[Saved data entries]
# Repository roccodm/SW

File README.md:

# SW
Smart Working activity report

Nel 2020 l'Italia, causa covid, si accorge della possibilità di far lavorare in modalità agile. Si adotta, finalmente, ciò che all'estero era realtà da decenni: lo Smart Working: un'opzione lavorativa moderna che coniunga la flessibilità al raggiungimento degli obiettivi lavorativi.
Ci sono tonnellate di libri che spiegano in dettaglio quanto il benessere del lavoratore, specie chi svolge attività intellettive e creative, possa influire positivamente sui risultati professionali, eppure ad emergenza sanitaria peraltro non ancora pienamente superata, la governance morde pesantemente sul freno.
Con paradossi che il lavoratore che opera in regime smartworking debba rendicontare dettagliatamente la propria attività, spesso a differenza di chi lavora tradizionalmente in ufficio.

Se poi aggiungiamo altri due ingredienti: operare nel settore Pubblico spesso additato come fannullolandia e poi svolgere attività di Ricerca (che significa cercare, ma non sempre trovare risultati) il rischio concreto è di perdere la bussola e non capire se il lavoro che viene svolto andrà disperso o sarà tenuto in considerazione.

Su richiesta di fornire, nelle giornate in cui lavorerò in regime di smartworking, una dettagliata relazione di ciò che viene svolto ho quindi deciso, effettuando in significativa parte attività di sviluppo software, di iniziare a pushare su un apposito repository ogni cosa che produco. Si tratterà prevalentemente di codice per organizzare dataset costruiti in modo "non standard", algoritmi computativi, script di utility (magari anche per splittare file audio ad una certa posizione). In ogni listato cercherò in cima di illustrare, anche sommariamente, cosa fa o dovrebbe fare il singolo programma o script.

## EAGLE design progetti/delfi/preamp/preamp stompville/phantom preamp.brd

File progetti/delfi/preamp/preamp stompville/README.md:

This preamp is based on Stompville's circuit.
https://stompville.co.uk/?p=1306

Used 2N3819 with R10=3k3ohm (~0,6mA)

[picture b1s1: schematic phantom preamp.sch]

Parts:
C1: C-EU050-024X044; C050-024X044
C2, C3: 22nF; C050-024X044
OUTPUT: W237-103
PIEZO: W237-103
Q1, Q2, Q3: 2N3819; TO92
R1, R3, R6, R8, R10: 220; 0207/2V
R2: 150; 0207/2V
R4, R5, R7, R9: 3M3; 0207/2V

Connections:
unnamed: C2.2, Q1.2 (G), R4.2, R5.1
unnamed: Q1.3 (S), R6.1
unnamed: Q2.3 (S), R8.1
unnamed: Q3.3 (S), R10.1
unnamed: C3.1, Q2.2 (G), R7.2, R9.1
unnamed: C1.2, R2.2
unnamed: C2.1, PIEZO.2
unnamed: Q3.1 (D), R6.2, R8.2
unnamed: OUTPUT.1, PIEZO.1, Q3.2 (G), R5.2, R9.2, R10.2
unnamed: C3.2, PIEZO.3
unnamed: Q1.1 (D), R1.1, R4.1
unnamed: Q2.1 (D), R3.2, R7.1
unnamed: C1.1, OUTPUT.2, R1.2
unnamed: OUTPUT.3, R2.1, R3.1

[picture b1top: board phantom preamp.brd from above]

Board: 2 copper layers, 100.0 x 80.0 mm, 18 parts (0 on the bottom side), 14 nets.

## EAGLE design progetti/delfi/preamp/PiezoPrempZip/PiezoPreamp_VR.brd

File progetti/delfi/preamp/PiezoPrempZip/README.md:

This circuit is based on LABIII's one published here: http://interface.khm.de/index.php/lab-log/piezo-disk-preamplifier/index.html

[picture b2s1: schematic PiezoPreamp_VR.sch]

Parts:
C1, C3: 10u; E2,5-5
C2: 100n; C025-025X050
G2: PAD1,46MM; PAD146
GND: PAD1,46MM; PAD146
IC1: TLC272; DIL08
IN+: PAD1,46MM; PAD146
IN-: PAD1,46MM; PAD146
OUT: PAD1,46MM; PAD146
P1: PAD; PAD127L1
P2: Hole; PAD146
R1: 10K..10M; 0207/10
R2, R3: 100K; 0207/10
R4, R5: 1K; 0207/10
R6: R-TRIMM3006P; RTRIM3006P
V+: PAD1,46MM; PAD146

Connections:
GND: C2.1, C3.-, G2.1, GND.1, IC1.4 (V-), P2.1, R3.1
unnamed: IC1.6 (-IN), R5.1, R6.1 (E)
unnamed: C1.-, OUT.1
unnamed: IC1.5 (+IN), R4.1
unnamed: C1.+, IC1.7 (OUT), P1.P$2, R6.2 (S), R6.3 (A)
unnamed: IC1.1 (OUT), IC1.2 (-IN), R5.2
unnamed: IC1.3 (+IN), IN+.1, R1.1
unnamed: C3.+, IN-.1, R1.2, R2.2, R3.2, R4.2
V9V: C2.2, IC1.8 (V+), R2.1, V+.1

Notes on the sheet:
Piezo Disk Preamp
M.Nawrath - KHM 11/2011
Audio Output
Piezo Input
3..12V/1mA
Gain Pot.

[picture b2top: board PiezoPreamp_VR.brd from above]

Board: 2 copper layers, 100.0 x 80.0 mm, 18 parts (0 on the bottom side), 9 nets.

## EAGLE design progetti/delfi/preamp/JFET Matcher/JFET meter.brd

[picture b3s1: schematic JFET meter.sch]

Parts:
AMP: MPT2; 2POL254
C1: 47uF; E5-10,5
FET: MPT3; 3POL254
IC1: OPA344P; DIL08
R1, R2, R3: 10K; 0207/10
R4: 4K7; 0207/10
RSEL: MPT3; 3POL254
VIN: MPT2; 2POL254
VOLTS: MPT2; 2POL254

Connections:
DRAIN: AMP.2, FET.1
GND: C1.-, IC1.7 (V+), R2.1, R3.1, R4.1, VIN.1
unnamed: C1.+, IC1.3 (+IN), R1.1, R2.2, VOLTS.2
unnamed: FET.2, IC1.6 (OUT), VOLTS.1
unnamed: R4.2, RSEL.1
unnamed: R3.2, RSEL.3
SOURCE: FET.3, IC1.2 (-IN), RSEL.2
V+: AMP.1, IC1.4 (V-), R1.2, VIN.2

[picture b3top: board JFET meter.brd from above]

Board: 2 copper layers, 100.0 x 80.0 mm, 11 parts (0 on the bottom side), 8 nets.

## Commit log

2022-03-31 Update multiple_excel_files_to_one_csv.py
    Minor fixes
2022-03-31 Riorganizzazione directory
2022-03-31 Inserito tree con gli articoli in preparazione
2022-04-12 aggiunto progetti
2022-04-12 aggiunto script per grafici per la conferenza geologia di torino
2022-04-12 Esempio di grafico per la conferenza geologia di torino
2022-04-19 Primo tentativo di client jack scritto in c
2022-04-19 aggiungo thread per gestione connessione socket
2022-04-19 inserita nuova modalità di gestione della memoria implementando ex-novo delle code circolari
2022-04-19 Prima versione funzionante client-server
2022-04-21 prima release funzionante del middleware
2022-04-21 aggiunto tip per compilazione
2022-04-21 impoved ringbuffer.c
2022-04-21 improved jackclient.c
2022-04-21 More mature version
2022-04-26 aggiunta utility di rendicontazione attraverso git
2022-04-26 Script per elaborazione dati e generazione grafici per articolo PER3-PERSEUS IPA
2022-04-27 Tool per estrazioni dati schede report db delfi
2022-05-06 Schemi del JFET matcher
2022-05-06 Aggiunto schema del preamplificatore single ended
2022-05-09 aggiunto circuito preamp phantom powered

### EXERCISE INSTRUCTIONS
All lines with the string "design" must be copied from the data.

### EXERCISE RESPONSE
## EAGLE design progetti/delfi/preamp/preamp stompville/phantom preamp.brd
## EAGLE design progetti/delfi/preamp/PiezoPrempZip/PiezoPreamp_VR.brd
## EAGLE design progetti/delfi/preamp/JFET Matcher/JFET meter.brd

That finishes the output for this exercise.